Now, a new study has pinpointed some of the probable causes of bee deaths, and the results show that averting what's been called beemageddon will take more than one fix.

Suspects have included pesticides, disease-bearing parasites and poor nutrition. Actually the culprit is a witch's brew of pesticides and fungicides, including a class of chemicals called neonicotinoids that contaminate the pollen the bees collect to feed their hives.

Europe already has banned neonicotinoids, but our scientists say that won't be enough because it is the mix of those chemicals and other chemicals that actually is a problem.

We likely won't take any action. It takes too long to get agreement from lawmakers who are in debt to big chemical companies and especially big agricultural chemical companies.
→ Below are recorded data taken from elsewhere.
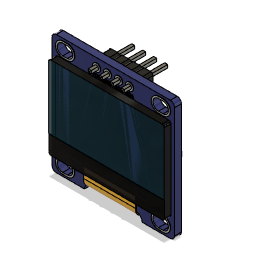
Tela OLed 128x64 v15 (Autodesk Fusion 360 design; units mm, degrees)
Autodesk Fusion 360 part; units mm, degrees
(part 1 of 2)
sketch "Sketch1" plane through (0, 0, 0) normal (0, 0, 1) x (1, 0, 0)
  line L0 (13.34, -9.6) -> (-13.34, -9.6)
  line L1 (-13.34, -9.6) -> (-13.34, 9.6)
  line L2 (-13.34, 9.6) -> (13.34, 9.6)
  line L3 (13.34, 9.6) -> (13.34, -9.6)
  line L4 (13.34, -9.6) -> (-13.34, 9.6) construction
  line L5 (-13.34, -9.6) -> (13.34, 9.6) construction
  dimension "d1" = 26.68
  dimension "d2" = 19.2
  constraint horizontal L0
  constraint perpendicular L0 L1
  constraint parallel L0 L2
  constraint parallel L1 L3
  constraint coincident L4 origin
  constraint coincident L5 origin
  measures "d1" distance of L1.end L2.end
  measures "d2" distance of L0.end L1.end
extrude "Extrude1" add sketch "Sketch1" along normal blind 1.5 makes body 1
sketch "Sketch2" plane through (0, 0, 1.5) normal (0, 0, 1) x (1, 0, 0)
  line L0 (13.34, 9.6) -> (-13.34, 9.6)
  line L1 (-13.34, 9.6) -> (-13.34, -9.6)
  line L2 (-13.34, -9.6) -> (13.34, -9.6)
  line L3 (13.34, -9.6) -> (13.34, 9.6)
  line L4 (-13.34, 9.6) -> (13.34, 9.6)
  line L5 (13.34, 9.6) -> (13.34, -5.4)
  line L6 (13.34, -5.4) -> (-13.34, -5.4)
  line L7 (-13.34, -5.4) -> (-13.34, 9.6)
  dimension "d5" = 15
  constraint horizontal L4
  constraint vertical L5
  constraint horizontal L6
  constraint vertical L7
  constraint coincident L3 L5.end
  constraint coincident L0.end L1.start
  measures "d5" distance of L0.end L6.end
extrude "Extrude2" add sketch "Sketch2" along normal blind 0.1 contours L0 L1 L3 L4 L5 L6 L7 bodies 1
copy_body "Body->Comp1" bodies 1 removing the originals makes body 2 in component "Pantalla"
sketch "Sketch1 (2)" plane through (0, 0, 0) normal (0, 0, -1) x (-1, 0, 0) in component "Base PCB"
  line L0 (13.34, 9.6) -> (-13.34, 9.6) construction
  line L1 (-13.34, 9.6) -> (-13.34, -9.6) construction
  line L2 (-13.34, -9.6) -> (13.34, -9.6) construction
  line L3 (13.34, -9.6) -> (13.34, 9.6) construction
  line L4 (-14.15, 14.25) -> (14.15, 14.25)
  line L5 (14.15, 14.25) -> (14.15, -13.4)
  line L6 (14.15, -13.4) -> (-14.15, -13.4)
  line L7 (-14.15, -13.4) -> (-14.15, 14.25)
  dimension "d8" = 27.65
  dimension "d9" = 28.3
  dimension "d10" = 3.8
  dimension "d11" = 0.81
  constraint horizontal L4
  constraint vertical L5
  constraint horizontal L6
  constraint vertical L7
  measures "d8" distance of L4.end L5.end
  measures "d9" distance of L4.start L4.end
  measures "d10" distance of L2 L6
  measures "d11" distance of L1 L7
extrude "Extrude1'" add sketch "Sketch1 (2)" along normal blind 1.6 separate body makes body 3 in component "Base PCB"
sketch "Sketch2 (2)" plane through (0, 0, 0) normal (0, 0, 1) x (1, 0, 0) in component "Base PCB"
  line L0 (-14.15, -13.4) -> (14.15, -13.4)
  line L1 (14.15, -13.4) -> (14.15, 14.25)
  line L2 (14.15, 14.25) -> (-14.15, 14.25)
  line L3 (-14.15, 14.25) -> (-14.15, -13.4)
  line L4 (-11.575, 10.9) -> (-10.525, 10.9) construction
  arc A0 (-10.525, 10.9) -> (-10.525, 13.25) centre (-10.525, 12.075) ccw construction
  line L5 (-10.525, 13.25) -> (-11.575, 13.25) construction
  arc A1 (-11.575, 13.25) -> (-11.575, 10.9) centre (-11.575, 12.075) ccw construction
  line L6 (-11.575, 12.075) -> (-10.525, 12.075) construction
  line L7 (0, 14.25) -> (0, 0) construction
  line L8 (0, 0) -> (14.15, 0) construction
  arc A2 (-10.525, 10.8) -> (-10.525, 13.35) centre (-10.525, 12.075) ccw
  line L9 (-10.525, 13.35) -> (-11.575, 13.35)
  arc A3 (-11.575, 13.35) -> (-11.575, 10.8) centre (-11.575, 12.075) ccw
  line L10 (-11.575, 10.8) -> (-10.525, 10.8)
  arc A4 (10.525, 13.35) -> (10.525, 10.8) centre (10.525, 12.075) ccw
  line L11 (10.525, 13.35) -> (11.575, 13.35)
  arc A5 (11.575, 10.8) -> (11.575, 13.35) centre (11.575, 12.075) ccw
  line L12 (11.575, 10.8) -> (10.525, 10.8)
  line L13 (-14.15, 0.425) -> (-23.1438, 0.425) construction
  line L14 (-10.525, -12.5) -> (-11.575, -12.5)
  arc A6 (-11.575, -9.95) -> (-11.575, -12.5) centre (-11.575, -11.225) ccw
  line L15 (-11.575, -9.95) -> (-10.525, -9.95)
  arc A7 (-10.525, -12.5) -> (-10.525, -9.95) centre (-10.525, -11.225) ccw
  line L16 (10.525, -12.5) -> (11.575, -12.5)
  arc A8 (10.525, -9.95) -> (10.525, -12.5) centre (10.525, -11.225) ccw
  line L17 (11.575, -9.95) -> (10.525, -9.95)
  arc A9 (11.575, -12.5) -> (11.575, -9.95) centre (11.575, -11.225) ccw
  point P0 (-12.75, 12.075)
  dimension "d14" = 1.175
  dimension "d15" = 1.05
  dimension "d16" = 1
  dimension "d17" = 1.4
  dimension "d18" = 0.1
  constraint tangent L4 A0
  constraint tangent A0 L5
  constraint parallel L4 L5
  constraint tangent L5 A1
  constraint tangent L4 A1
  constraint horizontal L6
  constraint midpoint A1 P0
  constraint midpoint L2 L7.start
  constraint coincident L7.end L8.start
  constraint coincident L1 L8.end
  constraint perpendicular L1 L8
  constraint symmetric L7 A2.end A4.start
  constraint symmetric L7 A2.start A4.end
  constraint symmetric L7 A2 A4
  constraint symmetric L7 L9.end L11.end
  constraint symmetric L7 A3.end A5.start
  constraint symmetric L7 A3 A5
  constraint midpoint L3 L13.start
  constraint perpendicular L3 L13
  constraint symmetric A2.end L13 L14.start
  constraint symmetric A2.start L13 L15.end
  constraint symmetric A2 L13 A7
  constraint symmetric L9.end L13 L14.end
  constraint symmetric A3.end L13 A6.start
  constraint symmetric A3 L13 A6
  constraint symmetric A4.end L13 A8.start
  constraint symmetric A4.start L13 L16.start
  constraint symmetric A4 L13 A8
  constraint symmetric L11.end L13 L16.end
  constraint symmetric A5.start L13 L17.start
  constraint symmetric A5 L13 A9
  measures "d14" radius of A1
  measures "d15" distance of A1.centre A0.centre
  measures "d16" distance of L2 L5
  measures "d17" distance of L3 P0
extrude "Extrude2'" cut sketch "Sketch2 (2)" against normal through all contours A2 L9 A3 L10 | A4 L11 A5 L12 | L14 A6 L15 A7 | L16 A8 L17 A9 bodies 3 in component "Base PCB"
fillet "Fillet1" radius 1 4 edges at (-14.15, 14.25, -0.8) (14.15, 14.25, -0.8) (-14.15, -13.4, -0.8) (14.15, -13.4, -0.8) on bodies 3 in component "Base PCB"
sketch "Sketch3" plane through (0, 0, 0) normal (0, 0, 1) x (1, 0, 0) in component "Base PCB"
  line L0 (10.525, 13.35) -> (11.575, 13.35)
  arc A0 (11.575, 10.8) -> (11.575, 13.35) centre (11.575, 12.075) ccw
  line L1 (11.575, 10.8) -> (10.525, 10.8)
  arc A1 (10.525, 13.35) -> (10.525, 10.8) centre (10.525, 12.075) ccw
  line L2 (-11.575, -9.95) -> (-10.525, -9.95)
  arc A2 (-10.525, -12.5) -> (-10.525, -9.95) centre (-10.525, -11.225) ccw
  line L3 (-10.525, -12.5) -> (-11.575, -12.5)
  arc A3 (-11.575, -9.95) -> (-11.575, -12.5) centre (-11.575, -11.225) ccw
  arc A4 (-11.575, 13.35) -> (-11.575, 10.8) centre (-11.575, 12.075) ccw
  line L4 (-11.575, 13.35) -> (-10.525, 13.35)
  arc A5 (-10.525, 10.8) -> (-10.525, 13.35) centre (-10.525, 12.075) ccw
  line L5 (-10.525, 10.8) -> (-11.575, 10.8)
  line L6 (11.575, -12.5) -> (10.525, -12.5)
  arc A6 (10.525, -9.95) -> (10.525, -12.5) centre (10.525, -11.225) ccw
  line L7 (10.525, -9.95) -> (11.575, -9.95)
  arc A7 (11.575, -12.5) -> (11.575, -9.95) centre (11.575, -11.225) ccw
  arc A8 (13.15, -13.4) -> (14.15, -12.4) centre (13.15, -12.4) ccw
  line L8 (14.15, -12.4) -> (14.15, 13.25)
  arc A9 (14.15, 13.25) -> (13.15, 14.25) centre (13.15, 13.25) ccw
  line L9 (13.15, 14.25) -> (-13.15, 14.25)
  arc A10 (-13.15, 14.25) -> (-14.15, 13.25) centre (-13.15, 13.25) ccw
  line L10 (-14.15, 13.25) -> (-14.15, -12.4)
  arc A11 (-14.15, -12.4) -> (-13.15, -13.4) centre (-13.15, -12.4) ccw
  line L11 (-13.15, -13.4) -> (13.15, -13.4)
  line L12 (-5.5683, 12.35) -> (5.9249, 12.35) construction
  circle A12 centre (-1.27, 12.35) radius 0.5
  circle A13 centre (-1.27, 12.35) radius 0.9
  line L13 (0, 14.25) -> (0, 16.388) construction
  circle A14 centre (-3.81, 12.35) radius 0.5
  circle A15 centre (-3.81, 12.35) radius 0.9
  circle A16 centre (3.81, 12.35) radius 0.9
  circle A17 centre (3.81, 12.35) radius 0.5
  circle A18 centre (1.27, 12.35) radius 0.9
  circle A19 centre (1.27, 12.35) radius 0.5
  dimension "d22" = 1.9
  dimension "d23" = 1
  dimension "d24" = 0.4
  dimension "d25" = 1.27
  dimension "d26" = 2.54
  constraint parallel L5 L12
  constraint coincident L12 A12.centre
  constraint midpoint L9 L13.start
  constraint perpendicular L9 L13
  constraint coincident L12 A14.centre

And besides, we don't believe science.

Here's more from the AP poll: 42 percent of Americans are "not too" or "not at all" confident that all life on Earth is the product of evolution, and 51 percent are skeptical that the universe started with a "big bang" 13.8 billion years ago. Another 36 percent doubt the Earth has been around for 4.5 billion years.

Just 53 percent of respondents were "extremely" or "very confident" that childhood vaccines are safe and effective.

Only 69 percent believe in DNA, and 18 percent still don't believe smoking causes cancer.

The world really is still flat - at least in the United States.